This is a toolkit for filtering, annotating, consolidating and exporting OpenBikeSensor measurements stored in the OpenBikeSensor CSV-format.
Measurements with invalid time stamp, location or distance measurement are filtered out. Further, only confirmed measurements are kept.
In addition, usernames are replaced by pseudonyms, and only selected information are kept before exporting for visualization.
Each measurement is assigned to one way as described by the OpenStreetMap data. GPS positions are corrected by projecting it to the way (snapping). Further, for each confirmed measurement, information from OpenStreetMap such as street name are duplicated to the measurement.
All confirmed and valid measurements are collected and consolidated in one file in Json format.
The consolidated measurements are converted to GeoJson format and exported for visualization as required by the OpenBikeSensor visualization.
Please refer to the general Installation Instructions.
The default data directory is assumed to be ./data
.
Place all OpenBikeSensor CSV files in subdirectories of ./data/input
, such as:
./data/input/User1/
./data/input/User2/
./data/input/User3/
The expected file format is defined here.
To filter, annotate and collect OpenBikeSensor measurements and export to GeoJson visualization data, run:
obs-face -ACV
For each CSV file in ./data/input
, one JSON file with annotated measurements as well as a log file is created in ./data/annotated
.
The consolidated, valid and confirmed measurements are collected in JSON format
in data/collected/measurements.json
, the data exported for visualization will
be located in data/visualization/measurements.json
. Further,
./data/visualization/roads.json
contains confirmed, valid measurements
consolidated to road segments in GeoJSON format.
In case your data is located in a different directory, use the -b BASE_DIRECTORY
command line flag:
obs-face -ACV -b ./data_collection/Stuttgart/
The base directory defaults to ./data
.
In structure of the base directory is as follows:
$BASE_DIRECTORY/input/
input CSV files to be processed$BASE_DIRECTORY/annotated/
annotated measurements$BASE_DIRECTORY/collected/measurements.json
annotated, filtered and collected measurements$BASE_DIRECTORY/visualization/measurements.json
confirmed, valid measurements in GeoJson format$BASE_DIRECTORY/visualization/roads.json
confirmed, valid measurements consolidated to road segments in GeoJson format
The paths can be further customized, see --help
.
To exclude subdirectories of the input, use:
obs-face -ACV -e User3/
All files in ./data/input/User3/
and subdirectories will be excluded. The
exclusion path User3/
is considered relative to the base directory.
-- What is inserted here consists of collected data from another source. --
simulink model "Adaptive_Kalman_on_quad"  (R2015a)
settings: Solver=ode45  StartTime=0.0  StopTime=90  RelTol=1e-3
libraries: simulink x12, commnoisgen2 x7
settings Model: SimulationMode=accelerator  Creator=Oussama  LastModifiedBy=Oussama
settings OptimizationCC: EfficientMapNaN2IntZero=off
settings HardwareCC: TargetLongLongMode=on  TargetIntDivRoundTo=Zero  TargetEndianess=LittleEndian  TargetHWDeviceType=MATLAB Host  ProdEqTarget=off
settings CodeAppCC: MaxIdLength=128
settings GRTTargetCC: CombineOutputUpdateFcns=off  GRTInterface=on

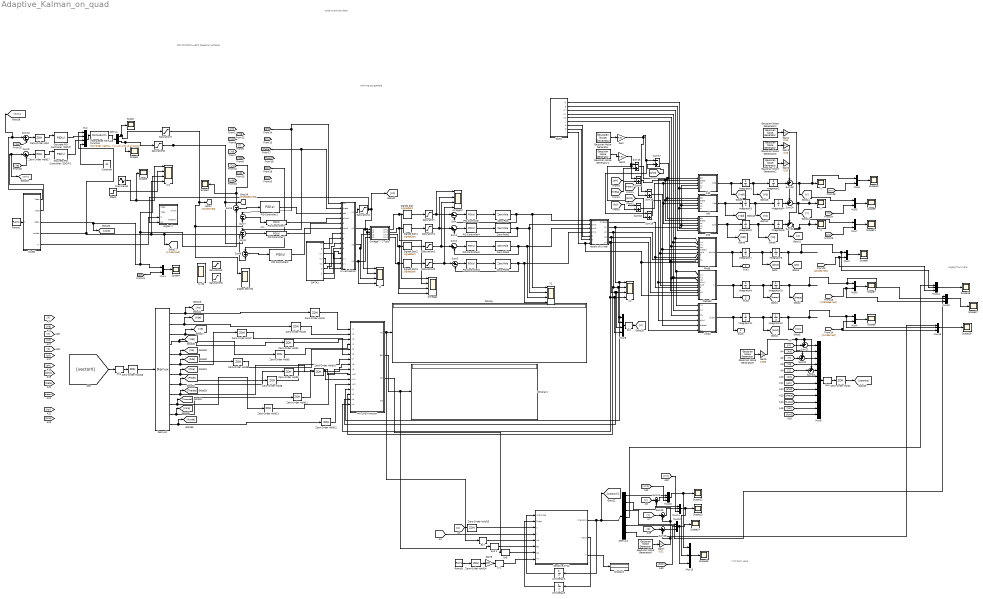
== system Adaptive_Kalman_on_quad ==
  note: angles from here
  note: XYZ from Here
  note: working acceptable
  note: used to extract data
  note: PID CONTROL+EKF based on Jacobian
  note: d25
  1x1 : Reshape  OutputDimensionality=Customize
  2x2 : Reshape  OutputDimensionality=Customize  OutputDimensions=[4,1]
  5x1 : Reshape  OutputDimensionality=Customize  OutputDimensions=[12,1]
  5x2 1 : Reshape  OutputDimensionality=Customize  OutputDimensions=[12,4]
  5x4 : Reshape  OutputDimensionality=Customize  OutputDimensions=[12,1]
  5x6 : Reshape  OutputDimensionality=Customize  OutputDimensions=[12,12]
  5x7 : Reshape  OutputDimensionality=Customize  OutputDimensions=[12,12]
  Constant : Constant  Value=10
  DATA : MATLAB Function  TreatAsAtomicUnit=on
  DATA1 : MATLAB Function  TreatAsAtomicUnit=on
  Demux : Demux  Outputs=2
  Demux1 : Demux  Outputs=12
  Demux2 : Demux  Outputs=12
  Discrete PID Controller (2DOF) : simulink/Continuous/PID Controller (2DOF)  Controller=PID  TimeDomain=Discrete-time  SampleTime=0.01  IntegratorMethod=Forward Euler  FilterMethod=Forward Euler  Form=Parallel  UseFilter=on  ControllerParametersSource=internal  P=0.4  I=0.3  D=3.2  N=100  b=1  c=1  InitialConditionSource=internal  InitialConditionForIntegrator=0  InitialConditionForFilter=0  ExternalReset=none  LimitOutput=off  UpperSaturationLimit=inf  LowerSaturationLimit=-inf  LinearizeAsGain=off  AntiWindupMode=none  Kb=1  TrackingMode=off  Kt=1  PParamMin=[]  PParamMax=[]  IParamMin=[]  IParamMax=[]  DParamMin=[]  DParamMax=[]  NParamMin=[]  NParamMax=[]  bParamMin=[]  bParamMax=[]  cParamMin=[]  cParamMax=[]  KbParamMin=[]  KbParamMax=[]  KtParamMin=[]  KtParamMax=[]  POutMin=[]  POutMax=[]  IOutMin=[]  IOutMax=[]  DOutMin=[]  DOutMax=[]  NOutMin=[]  NOutMax=[]  bOutMin=[]  bOutMax=[]  cOutMin=[]  cOutMax=[]  KbOutMin=[]  KbOutMax=[]  KtOutMin=[]  KtOutMax=[]  IntegratorOutMin=[]  IntegratorOutMax=[]  FilterOutMin=[]  FilterOutMax=[]  SumOutMin=[]  SumOutMax=[]  Sum1OutMin=[]  Sum1OutMax=[]  Sum2OutMin=[]  Sum2OutMax=[]  Sum3OutMin=[]  Sum3OutMax=[]  SumI1OutMin=[]  SumI1OutMax=[]  SumI2OutMin=[]  SumI2OutMax=[]  SumI3OutMin=[]  SumI3OutMax=[]  SumDOutMin=[]  SumDOutMax=[]  SaturationOutMin=[]  SaturationOutMax=[]  IntegratorContinuousStateAttributes=''  IntegratorStateMustResolveToSignalObject=off  IntegratorRTWStateStorageClass=Auto  FilterContinuousStateAttributes=''  FilterStateMustResolveToSignalObject=off  FilterRTWStateStorageClass=Auto  DifferentiatorICPrevScaledInput=0  DifferentiatorOutMin=[]  DifferentiatorOutMax=[]
  Discrete PID Controller (2DOF)1 : simulink/Continuous/PID Controller (2DOF)  Controller=PID  TimeDomain=Discrete-time  SampleTime=0.01  IntegratorMethod=Forward Euler  FilterMethod=Forward Euler  Form=Parallel  UseFilter=on  ControllerParametersSource=internal  P=0.7  I=0.5  D=1  N=100  b=1  c=1  InitialConditionSource=internal  InitialConditionForIntegrator=0  InitialConditionForFilter=0  ExternalReset=none  LimitOutput=off  UpperSaturationLimit=inf  LowerSaturationLimit=-inf  LinearizeAsGain=off  AntiWindupMode=none  Kb=1  TrackingMode=off  Kt=1  PParamMin=[]  PParamMax=[]  IParamMin=[]  IParamMax=[]  DParamMin=[]  DParamMax=[]  NParamMin=[]  NParamMax=[]  bParamMin=[]  bParamMax=[]  cParamMin=[]  cParamMax=[]  KbParamMin=[]  KbParamMax=[]  KtParamMin=[]  KtParamMax=[]  POutMin=[]  POutMax=[]  IOutMin=[]  IOutMax=[]  DOutMin=[]  DOutMax=[]  NOutMin=[]  NOutMax=[]  bOutMin=[]  bOutMax=[]  cOutMin=[]  cOutMax=[]  KbOutMin=[]  KbOutMax=[]  KtOutMin=[]  KtOutMax=[]  IntegratorOutMin=[]  IntegratorOutMax=[]  FilterOutMin=[]  FilterOutMax=[]  SumOutMin=[]  SumOutMax=[]  Sum1OutMin=[]  Sum1OutMax=[]  Sum2OutMin=[]  Sum2OutMax=[]  Sum3OutMin=[]  Sum3OutMax=[]  SumI1OutMin=[]  SumI1OutMax=[]  SumI2OutMin=[]  SumI2OutMax=[]  SumI3OutMin=[]  SumI3OutMax=[]  SumDOutMin=[]  SumDOutMax=[]  SaturationOutMin=[]  SaturationOutMax=[]  IntegratorContinuousStateAttributes=''  IntegratorStateMustResolveToSignalObject=off  IntegratorRTWStateStorageClass=Auto  FilterContinuousStateAttributes=''  FilterStateMustResolveToSignalObject=off  FilterRTWStateStorageClass=Auto  DifferentiatorICPrevScaledInput=0  DifferentiatorOutMin=[]  DifferentiatorOutMax=[]
  Display : Display
  Display1 : Display
  Display2 : Display
  Gain : Gain  Gain=0.01
  Gain1 : Gain  Gain=0.01
  Gain2 : Gain  Gain=0.03
  Gain3 : Gain  Gain=0.03
  Gain4 : Gain  Gain=0.03
  Gain5 : Gain  Gain=0.005
  Gain6 : Gain  Gain=100
  Gain7 : Gain  Gain=0.01
  Gaussian Noise Generator : commnoisgen2/Gaussian Noise Generator  m=0  d=1  s=41  Ts=0.02  frameBased=off  sampPerFrame=1  orient=off  outDataType=double
  Gaussian Noise Generator1 : commnoisgen2/Gaussian Noise Generator  m=0  d=1  s=41  Ts=0.02  frameBased=off  sampPerFrame=1  orient=off  outDataType=double
  Gaussian Noise Generator2 : commnoisgen2/Gaussian Noise Generator  m=0.3  d=1  s=41  Ts=5  frameBased=off  sampPerFrame=1  orient=off  outDataType=double
  Gaussian Noise Generator3 : commnoisgen2/Gaussian Noise Generator  m=0.3  d=1  s=41  Ts=2.5  frameBased=off  sampPerFrame=1  orient=off  outDataType=double
  Gaussian Noise Generator4 : commnoisgen2/Gaussian Noise Generator  m=0.3  d=1  s=41  Ts=3.5  frameBased=off  sampPerFrame=1  orient=off  outDataType=double
  Gaussian Noise Generator5 : commnoisgen2/Gaussian Noise Generator  m=0  d=0.02  s=41  Ts=0.005  frameBased=off  sampPerFrame=1  orient=off  outDataType=double
  Gaussian Noise Generator6 : commnoisgen2/Gaussian Noise Generator  m=0  d=0.02  s=41  Ts=0.005  frameBased=off  sampPerFrame=1  orient=off  outDataType=double
  Integrator{1..12} (12 alike) : Integrator
  Interpreted MATLAB Function : MATLABFcn  MATLABFcn=fsolve(@(x)attitudes3(x,u(1),u(2),u(3),u(4)),[0,0])  OutputDimensions=2
  Iterative KF12 : MATLAB Function  TreatAsAtomicUnit=on
  MATLAB Function : MATLAB Function  TreatAsAtomicUnit=on
  Mux : Mux
  Mux{1..7} (7 alike) : Mux  Inputs=2
  Mux{10..16} (7 alike) : Mux  Inputs=3
  Mux8 : Mux  Inputs=12
  Mux9 : Mux
  Omega i ^2  calc : MATLAB Function  TreatAsAtomicUnit=on
  Omegas : Scope  NumInputPorts=4
      settings: YMin=-5~-5~-5~-5  YMax=5~5~5~5  SaveName=ScopeData3
  PID Controller{,4..6} (4 alike) : simulink/Continuous/PID Controller  Controller=PID  TimeDomain=Continuous-time  SampleTime=-1  IntegratorMethod=Forward Euler  FilterMethod=Forward Euler  Form=Parallel  UseFilter=on  ControllerParametersSource=internal  P=0.696663945518539  I=69.3627675374527  D=0.000480635781112464  N=569.937710840054  InitialConditionSource=internal  InitialConditionForIntegrator=0  InitialConditionForFilter=0  ExternalReset=none  LimitOutput=off  UpperSaturationLimit=+12  LowerSaturationLimit=-12  LinearizeAsGain=on  AntiWindupMode=clamping  Kb=1  TrackingMode=off  Kt=1  PParamMin=[]  PParamMax=[]  IParamMin=[]  IParamMax=[]  DParamMin=[]  DParamMax=[]  NParamMin=[]  NParamMax=[]  KbParamMin=[]  KbParamMax=[]  KtParamMin=[]  KtParamMax=[]  POutMin=[]  POutMax=[]  IOutMin=[]  IOutMax=[]  DOutMin=[]  DOutMax=[]  NOutMin=[]  NOutMax=[]  KbOutMin=[]  KbOutMax=[]  KtOutMin=[]  KtOutMax=[]  IntegratorOutMin=[]  IntegratorOutMax=[]  FilterOutMin=[]  FilterOutMax=[]  SumOutMin=[]  SumOutMax=[]  SumI1OutMin=[]  SumI1OutMax=[]  SumI2OutMin=[]  SumI2OutMax=[]  SumI3OutMin=[]  SumI3OutMax=[]  SumDOutMin=[]  SumDOutMax=[]  SaturationOutMin=[]  SaturationOutMax=[]  IntegratorContinuousStateAttributes=''  IntegratorStateMustResolveToSignalObject=off  IntegratorRTWStateStorageClass=Auto  FilterContinuousStateAttributes=''  FilterStateMustResolveToSignalObject=off  FilterRTWStateStorageClass=Auto  DifferentiatorICPrevScaledInput=0  DifferentiatorOutMin=[]  DifferentiatorOutMax=[]
  PID Controller1 : simulink/Continuous/PID Controller  Controller=PID  TimeDomain=Continuous-time  SampleTime=-1  IntegratorMethod=Forward Euler  FilterMethod=Forward Euler  Form=Parallel  UseFilter=on  ControllerParametersSource=internal  P=4  I=2  D=5  N=476.409993785115  InitialConditionSource=internal  InitialConditionForIntegrator=0  InitialConditionForFilter=0  ExternalReset=none  LimitOutput=off  UpperSaturationLimit=inf  LowerSaturationLimit=-inf  LinearizeAsGain=on  AntiWindupMode=none  Kb=1  TrackingMode=off  Kt=1  PParamMin=[]  PParamMax=[]  IParamMin=[]  IParamMax=[]  DParamMin=[]  DParamMax=[]  NParamMin=[]  NParamMax=[]  KbParamMin=[]  KbParamMax=[]  KtParamMin=[]  KtParamMax=[]  POutMin=[]  POutMax=[]  IOutMin=[]  IOutMax=[]  DOutMin=[]  DOutMax=[]  NOutMin=[]  NOutMax=[]  KbOutMin=[]  KbOutMax=[]  KtOutMin=[]  KtOutMax=[]  IntegratorOutMin=[]  IntegratorOutMax=[]  FilterOutMin=[]  FilterOutMax=[]  SumOutMin=[]  SumOutMax=[]  SumI1OutMin=[]  SumI1OutMax=[]  SumI2OutMin=[]  SumI2OutMax=[]  SumI3OutMin=[]  SumI3OutMax=[]  SumDOutMin=[]  SumDOutMax=[]  SaturationOutMin=[]  SaturationOutMax=[]  IntegratorContinuousStateAttributes=''  IntegratorStateMustResolveToSignalObject=off  IntegratorRTWStateStorageClass=Auto  FilterContinuousStateAttributes=''  FilterStateMustResolveToSignalObject=off  FilterRTWStateStorageClass=Auto  DifferentiatorICPrevScaledInput=0  DifferentiatorOutMin=[]  DifferentiatorOutMax=[]
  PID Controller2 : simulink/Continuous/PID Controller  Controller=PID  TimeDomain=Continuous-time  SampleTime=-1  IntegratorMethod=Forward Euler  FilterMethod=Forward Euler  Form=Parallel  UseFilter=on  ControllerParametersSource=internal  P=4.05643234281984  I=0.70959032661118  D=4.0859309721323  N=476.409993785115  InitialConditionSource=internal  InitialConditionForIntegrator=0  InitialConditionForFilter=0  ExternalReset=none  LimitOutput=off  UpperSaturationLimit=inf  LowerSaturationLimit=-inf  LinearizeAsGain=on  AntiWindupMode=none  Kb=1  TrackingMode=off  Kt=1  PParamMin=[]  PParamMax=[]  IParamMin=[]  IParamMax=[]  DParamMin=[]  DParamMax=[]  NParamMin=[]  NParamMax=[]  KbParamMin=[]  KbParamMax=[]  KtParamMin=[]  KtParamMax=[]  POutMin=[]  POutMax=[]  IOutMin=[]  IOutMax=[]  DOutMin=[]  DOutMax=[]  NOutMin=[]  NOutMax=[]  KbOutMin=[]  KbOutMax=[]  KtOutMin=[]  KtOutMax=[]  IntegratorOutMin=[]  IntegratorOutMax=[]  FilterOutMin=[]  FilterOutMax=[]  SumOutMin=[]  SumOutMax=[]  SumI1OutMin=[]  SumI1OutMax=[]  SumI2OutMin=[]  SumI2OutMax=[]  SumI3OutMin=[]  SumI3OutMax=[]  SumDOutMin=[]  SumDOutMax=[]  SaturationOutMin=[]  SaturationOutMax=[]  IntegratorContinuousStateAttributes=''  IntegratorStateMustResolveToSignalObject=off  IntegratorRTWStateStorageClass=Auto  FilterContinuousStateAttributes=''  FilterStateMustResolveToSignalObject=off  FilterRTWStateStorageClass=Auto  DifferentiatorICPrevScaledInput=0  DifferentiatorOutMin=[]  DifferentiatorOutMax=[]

Some of the time-consuming computations can be parallelized. Use the -p
command line flag to set the number of processors, e.g.:
obs-face -ACV -p 4
This will use 4 worker processes. Note that this also increases the memory consumption significantly.
Downloaded OpenStreetMap maps and datastructures derived from them are cached
in ./cache
. This reduces processing time on subsequent calls, however map
updates are ignored until the cache is flushed by deleting all files in the
./cache
directory.
-h, --help show this help message and exit
-A, --annotate annotates measurements using OSM data
-C, --collect collects all confirmed and valid measurements and stores it in one file
-V, --visualization creates the GeoJson data required by the OBS visualization
-i INPUT, --input INPUT
path to the location where CSV data files are located
-e INPUT_EXCLUDE, --input-exclude INPUT_EXCLUDE
data to be excluded, given by path prefix in the input directory tree
-b BASE_PATH, --base-path BASE_PATH
base path to where all data is stored
--path-annotated PATH_ANNOTATED
path for storing annotated data
--path-output-collected OUTPUT_COLLECTED
filename for storing collected data
--output-geojson-roads OUTPUT_GEOJSON_ROADS
filename for storing roads visualization GeoJson data
--output-geojson-measurements OUTPUT_GEOJSON_MEASUREMENTS
filename for storing measurement visualization GeoJson data
--path-cache PATH_CACHE
path where the visualization data will be stored
-D DISTRICT, --district DISTRICT
DEPRECATED; required map parts are now selected automatically
--left-hand-traffic switches to left-hand traffic (otherwise: right-hand
traffic); right instead left sensor is used, and the
exported visualization is adapted
-p PARALLEL, --parallel PARALLEL
disables parallel processing if 0, otherwise defines the number of worker processes
--recompute always recompute annotation results
--anonymize-user-id remove|hashed|keep
Choose whether to "remove" user ID (default), store only "hashed" versions (requires --anonymization-hash-salt) or "keep" the full user ID in outputs.
--anonymize-measurement-id remove|hashed|keep
Choose whether to "remove" measurement ID, store only "hashed" versions (requires --anonymization-hash-salt) or "keep" the full measurement ID in outputs.
--anonymization-hash-salt ANONYMIZATION_HASH_SALT
A salt/seed for use when hashing user or measurement IDs. Arbitrary string, but kept secret.